**Exercise aim**
Every record needs to be repeated exactly; its pictures do not.

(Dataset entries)
###

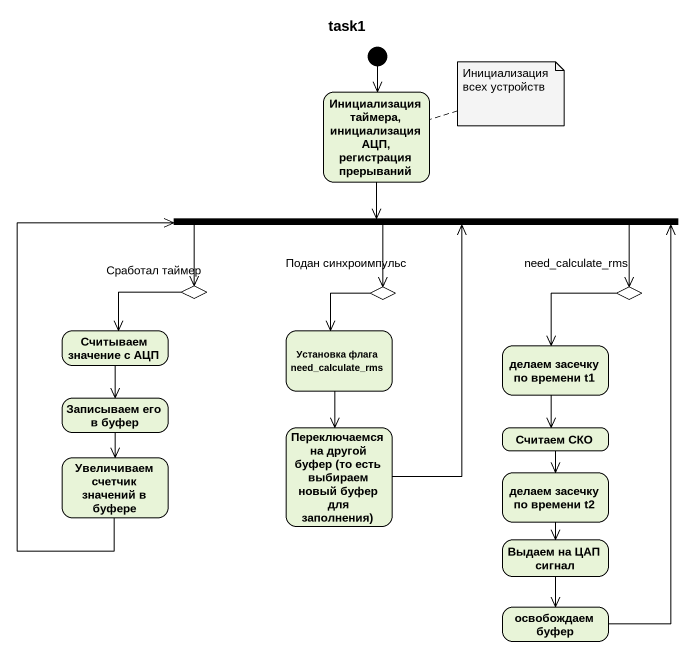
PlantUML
@startuml
title task1
hide empty description
state "Инициализация таймера, инициализация АЦП, регистрация прерываний" as Инициализация_таймера
state fork1 <<join>>
state "Сработал таймер" as Сработал_таймер <<choice>>
state "Подан синхроимпульс" as Подан_синхроимпульс <<choice>>
state need_calculate_rms <<choice>>
state "Считываем значение с АЦП" as Считываем_значение_с_АЦП
state "Установка флага need_calculate_rms" as Установка_флага_need
state "делаем засечку по времени t1" as делаем_засечку_по_времени_t1
state "Записываем его в буфер" as Записываем_его_в_буфер
state "Переключаемся на другой буфер (то есть выбираем новый буфер для заполнения)" as Переключаемся_на_другой
state "Считаем СКО" as Считаем_СКО
state "Увеличиваем счетчик значений в буфере" as Увеличиваем_счетчик
state "делаем засечку по времени t2" as делаем_засечку_по_времени_t2
state "Выдаем на ЦАП сигнал" as Выдаем_на_ЦАП_сигнал
state "освобождаем буфер" as освобождаем_буфер
[*] --> Инициализация_таймера
Инициализация_таймера --> fork1
fork1 -left-> Сработал_таймер
fork1 --> Подан_синхроимпульс
fork1 -right-> need_calculate_rms
Сработал_таймер --> Считываем_значение_с_АЦП
Подан_синхроимпульс --> Установка_флага_need
need_calculate_rms --> делаем_засечку_по_времени_t1
Считываем_значение_с_АЦП --> Записываем_его_в_буфер
Установка_флага_need --> Переключаемся_на_другой
делаем_засечку_по_времени_t1 --> Считаем_СКО
Записываем_его_в_буфер --> Увеличиваем_счетчик
Переключаемся_на_другой -up-> fork1
Считаем_СКО --> делаем_засечку_по_времени_t2
Увеличиваем_счетчик -up-> fork1
делаем_засечку_по_времени_t2 --> Выдаем_на_ЦАП_сигнал
Выдаем_на_ЦАП_сигнал --> освобождаем_буфер
освобождаем_буфер -up-> fork1
note right of Инициализация_таймера : Инициализация всех устройств
@enduml
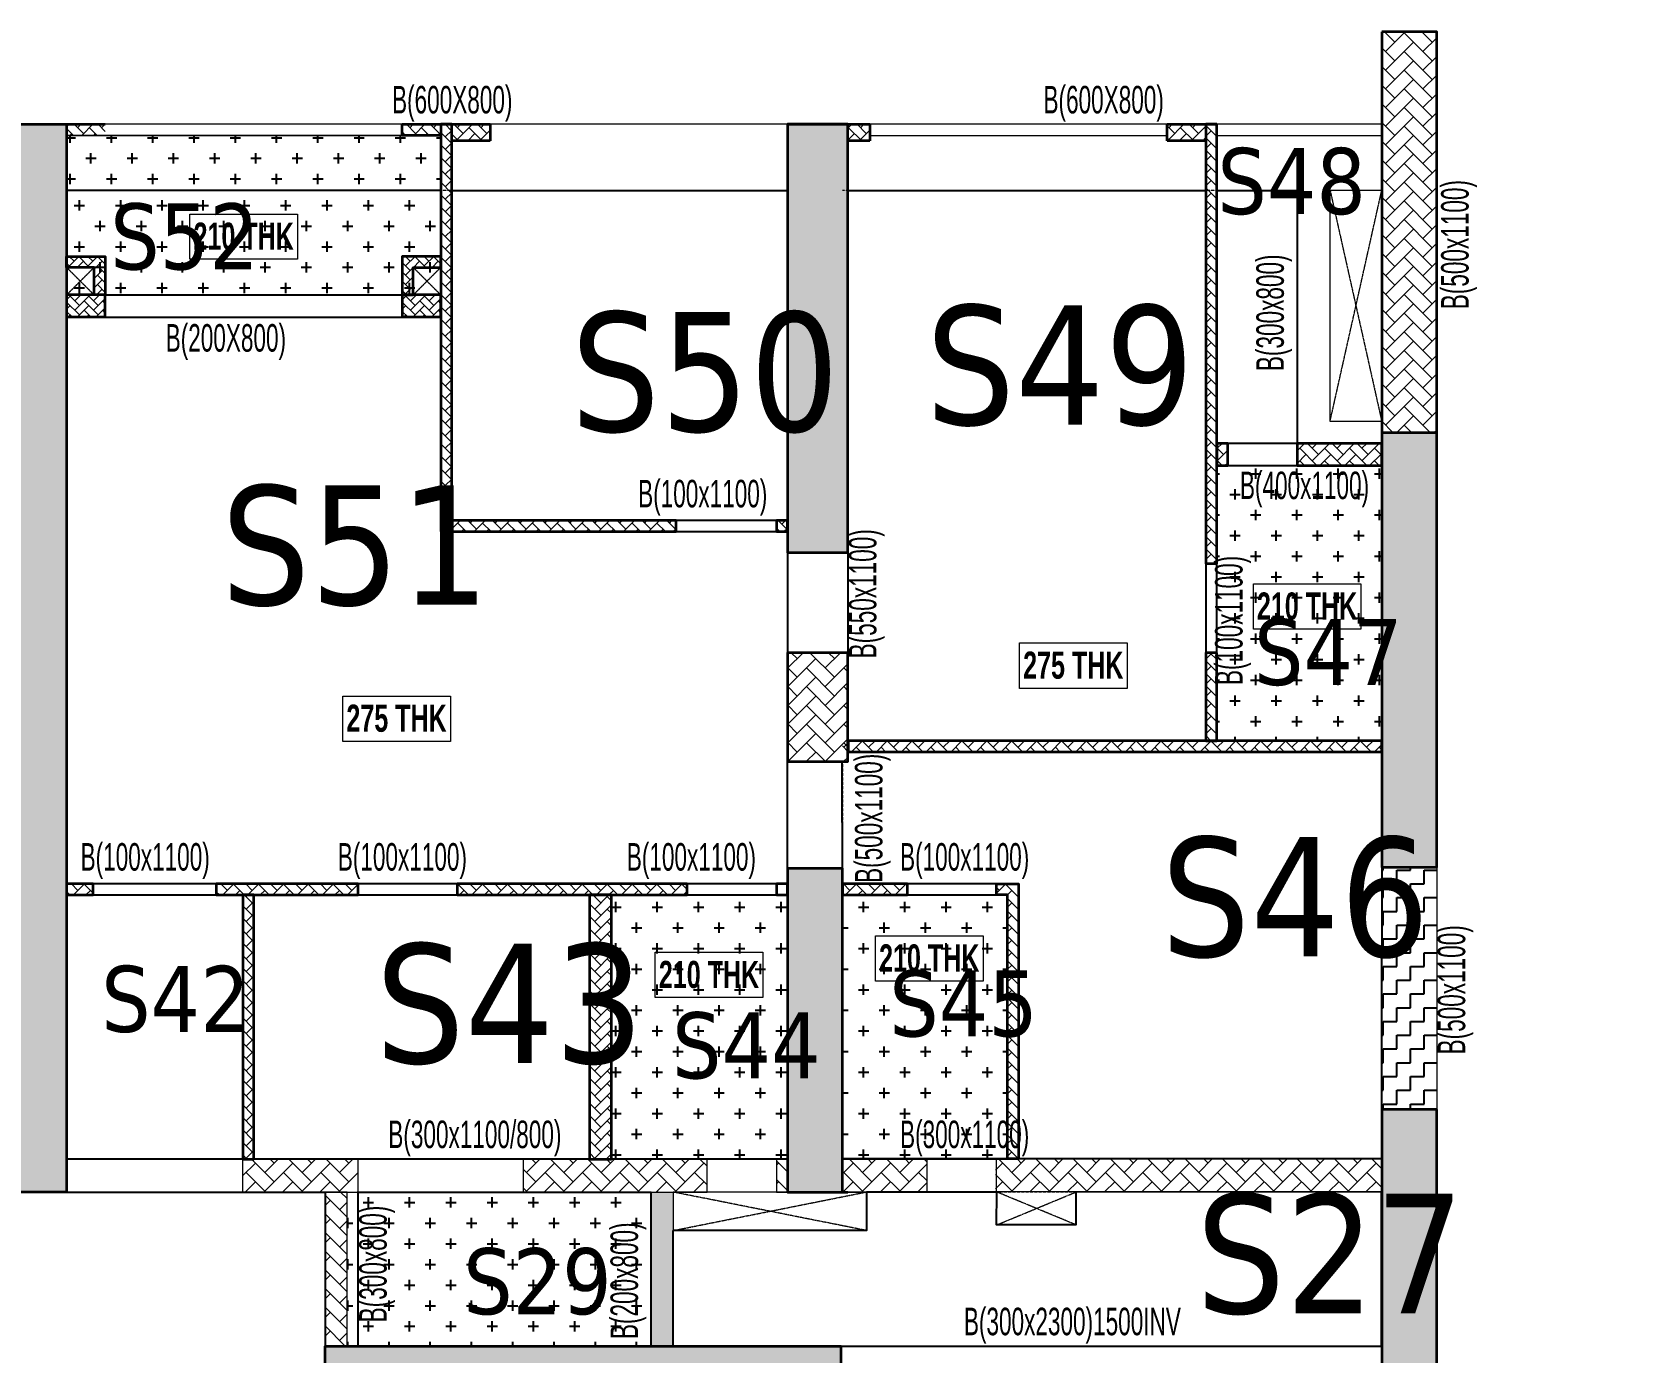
# Model space of a CAD drawing. Header units: millimetres. Extents: x 78 to 67056, y -44 to 25686.
# Drawn here: x 42524 to 57018, y 13692 to 25686 of the extents above; entities that cross this region are included whole.
import ezdxf

# ---------------------------------------------------------------- set-up
doc = ezdxf.new("R2010")
doc.units = ezdxf.units.MM
doc.linetypes.add('HIDDEN', pattern=[0.375, 0.25, -0.125])
for name, color, linetype, lineweight in [('A-FLOR-IDEN', 11, 'Continuous', 9), ('A-HIDD-ABVE', 8, 'HIDDEN', 20), ('S-BEAM', 7, 'Continuous', 18), ('S-BEAM-IDEN', 2, 'Continuous', 9), ('S-COL HATCH', 9, 'Continuous', 0), ('S-COLS', 5, 'Continuous', 35), ('S-WALL', 4, 'Continuous', 18)]:
    doc.layers.add(name, color=color, linetype=linetype, lineweight=lineweight)
doc.layers.add('changes', color=7, linetype='Continuous')
doc.layers.add('SUNK SLAB', color=8, linetype='Continuous')
doc.styles.add('Dim.s & Anno.(Misc.)', font='ARIALN.TTF')
doc.styles.add('Swis721 LtCn BT', font='swisscl.ttf', dxfattribs={"width": 0.9, "height": 233.355162})
doc.styles.add('Swis721 LtCn BT_B', font='', dxfattribs={"width": 0.9, "height": 246.918336})
doc.styles.get('Swis721 LtCn BT_B').set_extended_font_data('Swis721 LtCn BT', bold=True)
pattern_1 = [(45, (-31090211.604, 20641732.886), (0, 84.85281374), [180, -60]), (135, (-31090169.18, 20641775.31), (7e-15, 84.85281374), [180, -60])]
pattern_2 = [(45, (-31083161.56, 20641832.9), (0, 84.85281374), [180, -60]), (135, (-31083119.13, 20641875.324), (7e-15, 84.85281374), [180, -60])]
pattern_3 = [(315, (21103954.563, 31375723.854), (84.85281374, -2e-14), [180, -60]), (45, (21103996.99, 31375681.43), (84.85281374, -2e-14), [180, -60])]
pattern_4 = [(45, (-31102401.53, 20629047.31), (0, 84.85281374), [180, -60]), (135, (-31102359.1, 20629089.737), (7e-15, 84.85281374), [180, -60])]
pattern_5 = [(315, (21103954.563, 31375723.836), (84.85281374, -2e-14), [180, -60]), (45, (21103996.99, 31375681.41), (84.85281374, -2e-14), [180, -60])]
pattern_6 = [(315, (-31090211.604, 20694843.886), (84.85281374, -1e-14), [180, -60]), (45, (-31090169.18, 20694801.46), (84.85281374, -2e-14), [180, -60])]
pattern_7 = [(45, (-31795021.83, 20722934.52), (0, 113.13708499), [240, -80]), (135, (-31794965.26, 20722991.09), (9e-15, 113.13708499), [240, -80])]
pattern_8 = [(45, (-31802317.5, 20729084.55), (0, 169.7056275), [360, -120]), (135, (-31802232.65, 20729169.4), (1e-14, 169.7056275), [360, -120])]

###

**Answer space**
PlantUML
@startuml
title task1
hide empty description
state "Инициализация таймера, инициализация АЦП, регистрация прерываний" as Инициализация_таймера
state fork1 <<join>>
state "Сработал таймер" as Сработал_таймер <<choice>>
state "Подан синхроимпульс" as Подан_синхроимпульс <<choice>>
state need_calculate_rms <<choice>>
state "Считываем значение с АЦП" as Считываем_значение_с_АЦП
state "Установка флага need_calculate_rms" as Установка_флага_need
state "делаем засечку по времени t1" as делаем_засечку_по_времени_t1
state "Записываем его в буфер" as Записываем_его_в_буфер
state "Переключаемся на другой буфер (то есть выбираем новый буфер для заполнения)" as Переключаемся_на_другой
state "Считаем СКО" as Считаем_СКО
state "Увеличиваем счетчик значений в буфере" as Увеличиваем_счетчик
state "делаем засечку по времени t2" as делаем_засечку_по_времени_t2
state "Выдаем на ЦАП сигнал" as Выдаем_на_ЦАП_сигнал
state "освобождаем буфер" as освобождаем_буфер
[*] --> Инициализация_таймера
Инициализация_таймера --> fork1
fork1 -left-> Сработал_таймер
fork1 --> Подан_синхроимпульс
fork1 -right-> need_calculate_rms
Сработал_таймер --> Считываем_значение_с_АЦП
Подан_синхроимпульс --> Установка_флага_need
need_calculate_rms --> делаем_засечку_по_времени_t1
Считываем_значение_с_АЦП --> Записываем_его_в_буфер
Установка_флага_need --> Переключаемся_на_другой
делаем_засечку_по_времени_t1 --> Считаем_СКО
Записываем_его_в_буфер --> Увеличиваем_счетчик
Переключаемся_на_другой -up-> fork1
Считаем_СКО --> делаем_засечку_по_времени_t2
Увеличиваем_счетчик -up-> fork1
делаем_засечку_по_времени_t2 --> Выдаем_на_ЦАП_сигнал
Выдаем_на_ЦАП_сигнал --> освобождаем_буфер
освобождаем_буфер -up-> fork1
note right of Инициализация_таймера : Инициализация всех устройств
@enduml
# Model space of a CAD drawing. Header units: millimetres. Extents: x 78 to 67056, y -44 to 25686.
# Drawn here: x 42524 to 57018, y 13692 to 25686 of the extents above; entities that cross this region are included whole.
import ezdxf

# ---------------------------------------------------------------- set-up
doc = ezdxf.new("R2010")
doc.units = ezdxf.units.MM
doc.linetypes.add('HIDDEN', pattern=[0.375, 0.25, -0.125])
for name, color, linetype, lineweight in [('A-FLOR-IDEN', 11, 'Continuous', 9), ('A-HIDD-ABVE', 8, 'HIDDEN', 20), ('S-BEAM', 7, 'Continuous', 18), ('S-BEAM-IDEN', 2, 'Continuous', 9), ('S-COL HATCH', 9, 'Continuous', 0), ('S-COLS', 5, 'Continuous', 35), ('S-WALL', 4, 'Continuous', 18)]:
    doc.layers.add(name, color=color, linetype=linetype, lineweight=lineweight)
doc.layers.add('changes', color=7, linetype='Continuous')
doc.layers.add('SUNK SLAB', color=8, linetype='Continuous')
doc.styles.add('Dim.s & Anno.(Misc.)', font='ARIALN.TTF')
doc.styles.add('Swis721 LtCn BT', font='swisscl.ttf', dxfattribs={"width": 0.9, "height": 233.355162})
doc.styles.add('Swis721 LtCn BT_B', font='', dxfattribs={"width": 0.9, "height": 246.918336})
doc.styles.get('Swis721 LtCn BT_B').set_extended_font_data('Swis721 LtCn BT', bold=True)
pattern_1 = [(45, (-31090211.604, 20641732.886), (0, 84.85281374), [180, -60]), (135, (-31090169.18, 20641775.31), (7e-15, 84.85281374), [180, -60])]
pattern_2 = [(45, (-31083161.56, 20641832.9), (0, 84.85281374), [180, -60]), (135, (-31083119.13, 20641875.324), (7e-15, 84.85281374), [180, -60])]
pattern_3 = [(315, (21103954.563, 31375723.854), (84.85281374, -2e-14), [180, -60]), (45, (21103996.99, 31375681.43), (84.85281374, -2e-14), [180, -60])]
pattern_4 = [(45, (-31102401.53, 20629047.31), (0, 84.85281374), [180, -60]), (135, (-31102359.1, 20629089.737), (7e-15, 84.85281374), [180, -60])]
pattern_5 = [(315, (21103954.563, 31375723.836), (84.85281374, -2e-14), [180, -60]), (45, (21103996.99, 31375681.41), (84.85281374, -2e-14), [180, -60])]
pattern_6 = [(315, (-31090211.604, 20694843.886), (84.85281374, -1e-14), [180, -60]), (45, (-31090169.18, 20694801.46), (84.85281374, -2e-14), [180, -60])]
pattern_7 = [(45, (-31795021.83, 20722934.52), (0, 113.13708499), [240, -80]), (135, (-31794965.26, 20722991.09), (9e-15, 113.13708499), [240, -80])]
pattern_8 = [(45, (-31802317.5, 20729084.55), (0, 169.7056275), [360, -120]), (135, (-31802232.65, 20729169.4), (1e-14, 169.7056275), [360, -120])]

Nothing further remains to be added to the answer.